Dropped into a new environment, a PLUMES-powered robot uses a probabilistic statistical model called a Gaussian process to make predictions about environmental variables, such as chemical concentrations, and estimate sensing uncertainties. PLUMES then generates a distribution of possible paths the robot can take, and uses the estimated values and uncertainties to rank each path by how well it allows the robot to explore and exploit.

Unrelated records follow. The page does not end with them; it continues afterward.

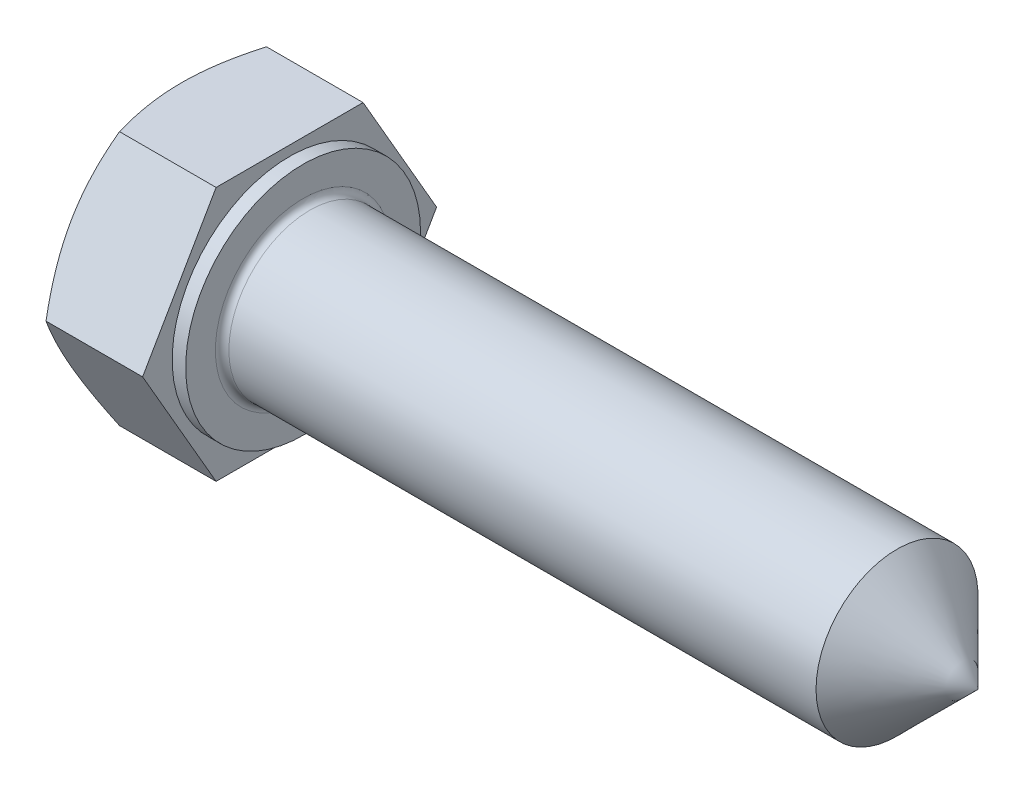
ISO-10303-21;
HEADER;
FILE_DESCRIPTION(('STEP AP214'),'2;1');
FILE_NAME('part.step','',(''),(''),'','','');
FILE_SCHEMA(('AUTOMOTIVE_DESIGN { 1 0 10303 214 1 1 1 1 }'));
ENDSEC;
DATA;
#1=APPLICATION_CONTEXT('core data for automotive mechanical design processes');
#2=APPLICATION_PROTOCOL_DEFINITION('international standard','automotive_design',2000,#1);
#3=PRODUCT_CONTEXT('',#1,'mechanical');
#4=PRODUCT('Part','Part','',(#3));
#5=PRODUCT_RELATED_PRODUCT_CATEGORY('part','',(#4));
#6=PRODUCT_DEFINITION_FORMATION('','',#4);
#7=PRODUCT_DEFINITION_CONTEXT('part definition',#1,'design');
#8=PRODUCT_DEFINITION('design','',#6,#7);
#9=PRODUCT_DEFINITION_SHAPE('','',#8);
#10=(LENGTH_UNIT() NAMED_UNIT(*) SI_UNIT(.MILLI.,.METRE.));
#11=(NAMED_UNIT(*) PLANE_ANGLE_UNIT() SI_UNIT($,.RADIAN.));
#12=(NAMED_UNIT(*) SI_UNIT($,.STERADIAN.) SOLID_ANGLE_UNIT());
#13=UNCERTAINTY_MEASURE_WITH_UNIT(LENGTH_MEASURE(1.E-05),#10,'distance_accuracy_value','');
#14=(GEOMETRIC_REPRESENTATION_CONTEXT(3) GLOBAL_UNCERTAINTY_ASSIGNED_CONTEXT((#13)) GLOBAL_UNIT_ASSIGNED_CONTEXT((#10,
#11,#12)) REPRESENTATION_CONTEXT('',''));
#15=CARTESIAN_POINT('',(0.,0.,0.));
#16=DIRECTION('',(0.,0.,1.));
#17=DIRECTION('',(1.,0.,0.));
#18=AXIS2_PLACEMENT_3D('',#15,#16,#17);
#19=CARTESIAN_POINT('',(29.5000000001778,0.,0.));
#20=DIRECTION('',(-1.,0.,0.));
#21=DIRECTION('',(0.,0.,1.));
#22=AXIS2_PLACEMENT_3D('',#19,#20,#21);
#23=CYLINDRICAL_SURFACE('',#22,3.);
#24=CARTESIAN_POINT('',(4.75000000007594,0.,0.));
#25=DIRECTION('',(1.,0.,0.));
#26=DIRECTION('',(0.,0.,-1.));
#27=AXIS2_PLACEMENT_3D('',#24,#25,#26);
#28=CIRCLE('',#27,3.);
#29=CARTESIAN_POINT('',(4.75000000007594,0.,-3.));
#30=VERTEX_POINT('',#29);
#31=EDGE_CURVE('E51',#30,#30,#28,.T.);
#32=ORIENTED_EDGE('',*,*,#31,.T.);
#33=EDGE_LOOP('',(#32));
#34=FACE_BOUND('',#33,.T.);
#35=CARTESIAN_POINT('',(26.5000000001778,0.,0.));
#36=DIRECTION('',(-1.,0.,0.));
#37=DIRECTION('',(0.,0.,1.));
#38=AXIS2_PLACEMENT_3D('',#35,#36,#37);
#39=CIRCLE('',#38,3.);
#40=CARTESIAN_POINT('',(26.5000000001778,0.,3.));
#41=VERTEX_POINT('',#40);
#42=EDGE_CURVE('E123',#41,#41,#39,.F.);
#43=ORIENTED_EDGE('',*,*,#42,.F.);
#44=EDGE_LOOP('',(#43));
#45=FACE_BOUND('',#44,.T.);
#46=ADVANCED_FACE('F43',(#34,#45),#23,.T.);
#47=CARTESIAN_POINT('',(4.50000000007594,0.,0.));
#48=DIRECTION('',(1.,0.,0.));
#49=DIRECTION('',(0.,0.,-1.));
#50=AXIS2_PLACEMENT_3D('',#47,#48,#49);
#51=PLANE('',#50);
#52=CARTESIAN_POINT('',(4.50000000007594,0.,0.));
#53=DIRECTION('',(1.,0.,0.));
#54=DIRECTION('',(0.,0.,-1.));
#55=AXIS2_PLACEMENT_3D('',#52,#53,#54);
#56=CIRCLE('',#55,3.25);
#57=CARTESIAN_POINT('',(4.50000000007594,0.,-3.25));
#58=VERTEX_POINT('',#57);
#59=EDGE_CURVE('E11',#58,#58,#56,.F.);
#60=ORIENTED_EDGE('',*,*,#59,.T.);
#61=EDGE_LOOP('',(#60));
#62=FACE_BOUND('',#61,.T.);
#63=CARTESIAN_POINT('',(4.50000000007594,0.,0.));
#64=DIRECTION('',(1.,0.,0.));
#65=DIRECTION('',(0.,0.,-1.));
#66=AXIS2_PLACEMENT_3D('',#63,#64,#65);
#67=CIRCLE('',#66,4.35);
#68=CARTESIAN_POINT('',(4.50000000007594,0.,-4.35));
#69=VERTEX_POINT('',#68);
#70=EDGE_CURVE('E183',#69,#69,#67,.T.);
#71=ORIENTED_EDGE('',*,*,#70,.T.);
#72=EDGE_LOOP('',(#71));
#73=FACE_BOUND('',#72,.T.);
#74=ADVANCED_FACE('F265',(#62,#73),#51,.T.);
#75=CARTESIAN_POINT('',(4.,-4.71550832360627,8.1675));
#76=DIRECTION('',(1.,0.,0.));
#77=DIRECTION('',(0.,0.,-1.));
#78=AXIS2_PLACEMENT_3D('',#75,#76,#77);
#79=PLANE('',#78);
#80=DIRECTION('',(0.,-0.866025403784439,0.5));
#81=VECTOR('',#80,1.);
#82=CARTESIAN_POINT('',(4.,4.71550832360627,2.7225));
#83=LINE('',#82,#81);
#84=CARTESIAN_POINT('',(4.,4.71550832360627,2.7225));
#85=VERTEX_POINT('',#84);
#86=CARTESIAN_POINT('',(4.,0.,5.445));
#87=VERTEX_POINT('',#86);
#88=EDGE_CURVE('E178',#85,#87,#83,.T.);
#89=ORIENTED_EDGE('',*,*,#88,.T.);
#90=DIRECTION('',(0.,-0.866025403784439,-0.5));
#91=VECTOR('',#90,1.);
#92=CARTESIAN_POINT('',(4.,0.,5.445));
#93=LINE('',#92,#91);
#94=CARTESIAN_POINT('',(4.,-4.71550832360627,2.7225));
#95=VERTEX_POINT('',#94);
#96=EDGE_CURVE('E176',#87,#95,#93,.T.);
#97=ORIENTED_EDGE('',*,*,#96,.T.);
#98=DIRECTION('',(0.,0.,-1.));
#99=VECTOR('',#98,1.);
#100=CARTESIAN_POINT('',(4.,-4.71550832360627,2.7225));
#101=LINE('',#100,#99);
#102=CARTESIAN_POINT('',(4.,-4.71550832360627,-2.7225));
#103=VERTEX_POINT('',#102);
#104=EDGE_CURVE('E171',#95,#103,#101,.T.);
#105=ORIENTED_EDGE('',*,*,#104,.T.);
#106=DIRECTION('',(0.,0.866025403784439,-0.5));
#107=VECTOR('',#106,1.);
#108=CARTESIAN_POINT('',(4.,-4.71550832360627,-2.7225));
#109=LINE('',#108,#107);
#110=CARTESIAN_POINT('',(4.,0.,-5.445));
#111=VERTEX_POINT('',#110);
#112=EDGE_CURVE('E175',#103,#111,#109,.T.);
#113=ORIENTED_EDGE('',*,*,#112,.T.);
#114=DIRECTION('',(0.,0.866025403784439,0.5));
#115=VECTOR('',#114,1.);
#116=CARTESIAN_POINT('',(4.,0.,-5.445));
#117=LINE('',#116,#115);
#118=CARTESIAN_POINT('',(4.,4.71550832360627,-2.7225));
#119=VERTEX_POINT('',#118);
#120=EDGE_CURVE('E169',#111,#119,#117,.T.);
#121=ORIENTED_EDGE('',*,*,#120,.T.);
#122=DIRECTION('',(0.,0.,1.));
#123=VECTOR('',#122,1.);
#124=CARTESIAN_POINT('',(4.,4.71550832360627,-2.7225));
#125=LINE('',#124,#123);
#126=EDGE_CURVE('E168',#119,#85,#125,.T.);
#127=ORIENTED_EDGE('',*,*,#126,.T.);
#128=EDGE_LOOP('',(#89,#97,#105,#113,#121,#127));
#129=FACE_BOUND('',#128,.T.);
#130=CARTESIAN_POINT('',(4.00000000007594,0.,0.));
#131=DIRECTION('',(1.,0.,0.));
#132=DIRECTION('',(0.,0.,-1.));
#133=AXIS2_PLACEMENT_3D('',#130,#131,#132);
#134=CIRCLE('',#133,4.35);
#135=CARTESIAN_POINT('',(4.00000000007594,0.,-4.35));
#136=VERTEX_POINT('',#135);
#137=EDGE_CURVE('E182',#136,#136,#134,.T.);
#138=ORIENTED_EDGE('',*,*,#137,.F.);
#139=EDGE_LOOP('',(#138));
#140=FACE_BOUND('',#139,.T.);
#141=ADVANCED_FACE('F260',(#129,#140),#79,.T.);
#142=CARTESIAN_POINT('',(4.,4.71550832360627,2.7225));
#143=DIRECTION('',(0.,-0.5,-0.866025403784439));
#144=DIRECTION('',(0.,0.866025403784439,-0.5));
#145=AXIS2_PLACEMENT_3D('',#142,#143,#144);
#146=PLANE('',#145);
#147=DIRECTION('',(-1.,0.,0.));
#148=VECTOR('',#147,1.);
#149=CARTESIAN_POINT('',(4.,4.71550832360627,2.7225));
#150=LINE('',#149,#148);
#151=CARTESIAN_POINT('',(0.421172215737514,4.71550832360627,2.7225));
#152=VERTEX_POINT('',#151);
#153=EDGE_CURVE('E163',#85,#152,#150,.T.);
#154=ORIENTED_EDGE('',*,*,#153,.T.);
#155=CARTESIAN_POINT('',(0.421238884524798,4.71570832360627,2.72238452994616));
#156=CARTESIAN_POINT('',(0.352144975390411,4.50847606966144,2.84203012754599));
#157=CARTESIAN_POINT('',(0.289300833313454,4.29947135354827,2.96269905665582));
#158=CARTESIAN_POINT('',(0.179605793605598,3.87784281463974,3.20612640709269));
#159=CARTESIAN_POINT('',(0.13279369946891,3.66521150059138,3.32888915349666));
#160=CARTESIAN_POINT('',(0.0599364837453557,3.24255163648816,3.5729119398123));
#161=CARTESIAN_POINT('',(0.033406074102,3.03258890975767,3.69413397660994));
#162=CARTESIAN_POINT('',(0.00961539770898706,2.71690623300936,3.87639345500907));
#163=CARTESIAN_POINT('',(0.00435134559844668,2.61160665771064,3.93718819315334));
#164=CARTESIAN_POINT('',(-0.000752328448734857,2.40091018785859,4.05883385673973));
#165=CARTESIAN_POINT('',(-0.000592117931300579,2.29551329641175,4.11968478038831));
#166=CARTESIAN_POINT('',(0.0073120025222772,2.00675377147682,4.28640016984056));
#167=CARTESIAN_POINT('',(0.020587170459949,1.82348681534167,4.39220939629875));
#168=CARTESIAN_POINT('',(0.0626831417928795,1.45816922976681,4.60312560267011));
#169=CARTESIAN_POINT('',(0.0915183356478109,1.27611988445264,4.70823184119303));
#170=CARTESIAN_POINT('',(0.16359904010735,0.910066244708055,4.91957300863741));
#171=CARTESIAN_POINT('',(0.207149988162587,0.726108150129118,5.02578126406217));
#172=CARTESIAN_POINT('',(0.305993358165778,0.360935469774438,5.23661380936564));
#173=CARTESIAN_POINT('',(0.361262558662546,0.179716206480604,5.34124079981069));
#174=CARTESIAN_POINT('',(0.421238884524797,-0.000200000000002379,5.44511547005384));
#175=B_SPLINE_CURVE_WITH_KNOTS('',3,(#155,#156,#157,#158,#159,#160,#161,#162,#163,#164,#165,
#166,#167,#168,#169,#170,#171,#172,#173,#174),.UNSPECIFIED.,.F.,.F.,(4,2,2,2,2,2,2,2,2,4),(0.,
0.74746163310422,1.49671982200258,2.22743464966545,2.59243933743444,2.95743275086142,
3.59287164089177,4.2288992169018,4.87903398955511,5.52789226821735),.UNSPECIFIED.);
#176=CARTESIAN_POINT('',(0.,2.35775416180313,4.08375));
#177=VERTEX_POINT('',#176);
#178=EDGE_CURVE('E66',#152,#177,#175,.T.);
#179=ORIENTED_EDGE('',*,*,#178,.T.);
#180=CARTESIAN_POINT('',(0.421172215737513,0.,5.445));
#181=VERTEX_POINT('',#180);
#182=EDGE_CURVE('E186',#177,#181,#175,.T.);
#183=ORIENTED_EDGE('',*,*,#182,.T.);
#184=DIRECTION('',(-1.,0.,0.));
#185=VECTOR('',#184,1.);
#186=CARTESIAN_POINT('',(4.,0.,5.445));
#187=LINE('',#186,#185);
#188=EDGE_CURVE('E143',#87,#181,#187,.T.);
#189=ORIENTED_EDGE('',*,*,#188,.F.);
#190=ORIENTED_EDGE('',*,*,#88,.F.);
#191=EDGE_LOOP('',(#154,#179,#183,#189,#190));
#192=FACE_BOUND('',#191,.T.);
#193=ADVANCED_FACE('F203',(#192),#146,.F.);
#194=CARTESIAN_POINT('',(4.,0.,5.445));
#195=DIRECTION('',(0.,0.5,-0.866025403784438));
#196=DIRECTION('',(0.,0.866025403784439,0.5));
#197=AXIS2_PLACEMENT_3D('',#194,#195,#196);
#198=PLANE('',#197);
#199=ORIENTED_EDGE('',*,*,#188,.T.);
#200=CARTESIAN_POINT('',(0.421238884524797,0.000199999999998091,5.44511547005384));
#201=CARTESIAN_POINT('',(0.35214497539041,-0.207032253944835,5.32546987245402));
#202=CARTESIAN_POINT('',(0.289300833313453,-0.416036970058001,5.20480094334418));
#203=CARTESIAN_POINT('',(0.179605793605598,-0.837665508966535,4.96137359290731));
#204=CARTESIAN_POINT('',(0.13279369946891,-1.05029682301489,4.83861084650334));
#205=CARTESIAN_POINT('',(0.0599364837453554,-1.47295668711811,4.5945880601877));
#206=CARTESIAN_POINT('',(0.033406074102,-1.6829194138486,4.47336602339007));
#207=CARTESIAN_POINT('',(0.00961539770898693,-1.99860209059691,4.29110654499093));
#208=CARTESIAN_POINT('',(0.00435134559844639,-2.10390166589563,4.23031180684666));
#209=CARTESIAN_POINT('',(-0.000752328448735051,-2.31459813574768,4.10866614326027));
#210=CARTESIAN_POINT('',(-0.000592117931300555,-2.41999502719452,4.04781521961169));
#211=CARTESIAN_POINT('',(0.00731200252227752,-2.70875455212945,3.88109983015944));
#212=CARTESIAN_POINT('',(0.0205871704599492,-2.8920215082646,3.77529060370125));
#213=CARTESIAN_POINT('',(0.0626831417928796,-3.25733909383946,3.5643743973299));
#214=CARTESIAN_POINT('',(0.0915183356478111,-3.43938843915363,3.45926815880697));
#215=CARTESIAN_POINT('',(0.16359904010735,-3.80544207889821,3.24792699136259));
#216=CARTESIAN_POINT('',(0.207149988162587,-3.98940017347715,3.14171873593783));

At first, PLUMES will choose paths that randomly explore the environment. Each sample, however, provides new information about the targeted values in the surrounding environment — such as spots with highest concentrations of chemicals or shallowest depths. The Gaussian process model exploits that data to narrow down possible paths the robot can follow from its given position to sample from locations with even higher value. PLUMES uses a novel objective function — commonly used in machine-learning to maximize a reward — to make the call of whether the robot should exploit past knowledge or explore the new area.
The decision where to collect the next sample relies on the system’s ability to “hallucinate” all possible future action from its current location. To do so, it leverages a modified version of Monte Carlo Tree Search (MCTS), a path-planning technique popularized for powering artificial-intelligence systems that master complex games, such as Go and Chess.
MCTS uses a decision tree — a map of connected nodes and lines — to simulate a path, or sequence of moves, needed to reach a final winning action. But in games, the space for possible paths is finite. In unknown environments, with real-time changing dynamics, the space is effectively infinite, making planning extremely difficult. The researchers designed “continuous-observation MCTS,” which leverages the Gaussian process and the novel objective function to search over this unwieldy space of possible real paths.
The root of this MCTS decision tree starts with a “belief” node, which is the next immediate step the robot can take. This node contains the entire history of the robot’s actions and observations up until that point. Then, the system expands the tree from the root into new lines and nodes, looking over several steps of future actions that lead to explored and unexplored areas.
Then, the system simulates what would happen if it took a sample from each of those newly generated nodes, based on some patterns it has learned from previous observations. Depending on the value of the final simulated node, the entire path receives a reward score, with higher values equaling more promising actions. Reward scores from all paths are rolled back to the root node. The robot selects the highest-scoring path, takes a step, and collects a real sample. Then, it uses the real data to update its Gaussian process model and repeats the “hallucination” process.
“As long as the system continues to hallucinate that there may be a higher value in unseen parts of the world, it must keep exploring,” Flaspohler says. “When it finally converges on a spot it estimates to be the maximum, because it can’t hallucinate a higher value along the path, it then stops exploring.”
Now, the researchers are collaborating with scientists at WHOI to use PLUMES-powered robots to localize chemical plumes at volcanic sites and study methane releases in melting coastal estuaries in the Arctic. Scientists are interested in the source of chemical gases released into the atmosphere, but these test sites can span hundreds of square miles.
“They can [use PLUMES to] spend less time exploring that huge area and really concentrate on collecting scientifically valuable samples,” Preston says.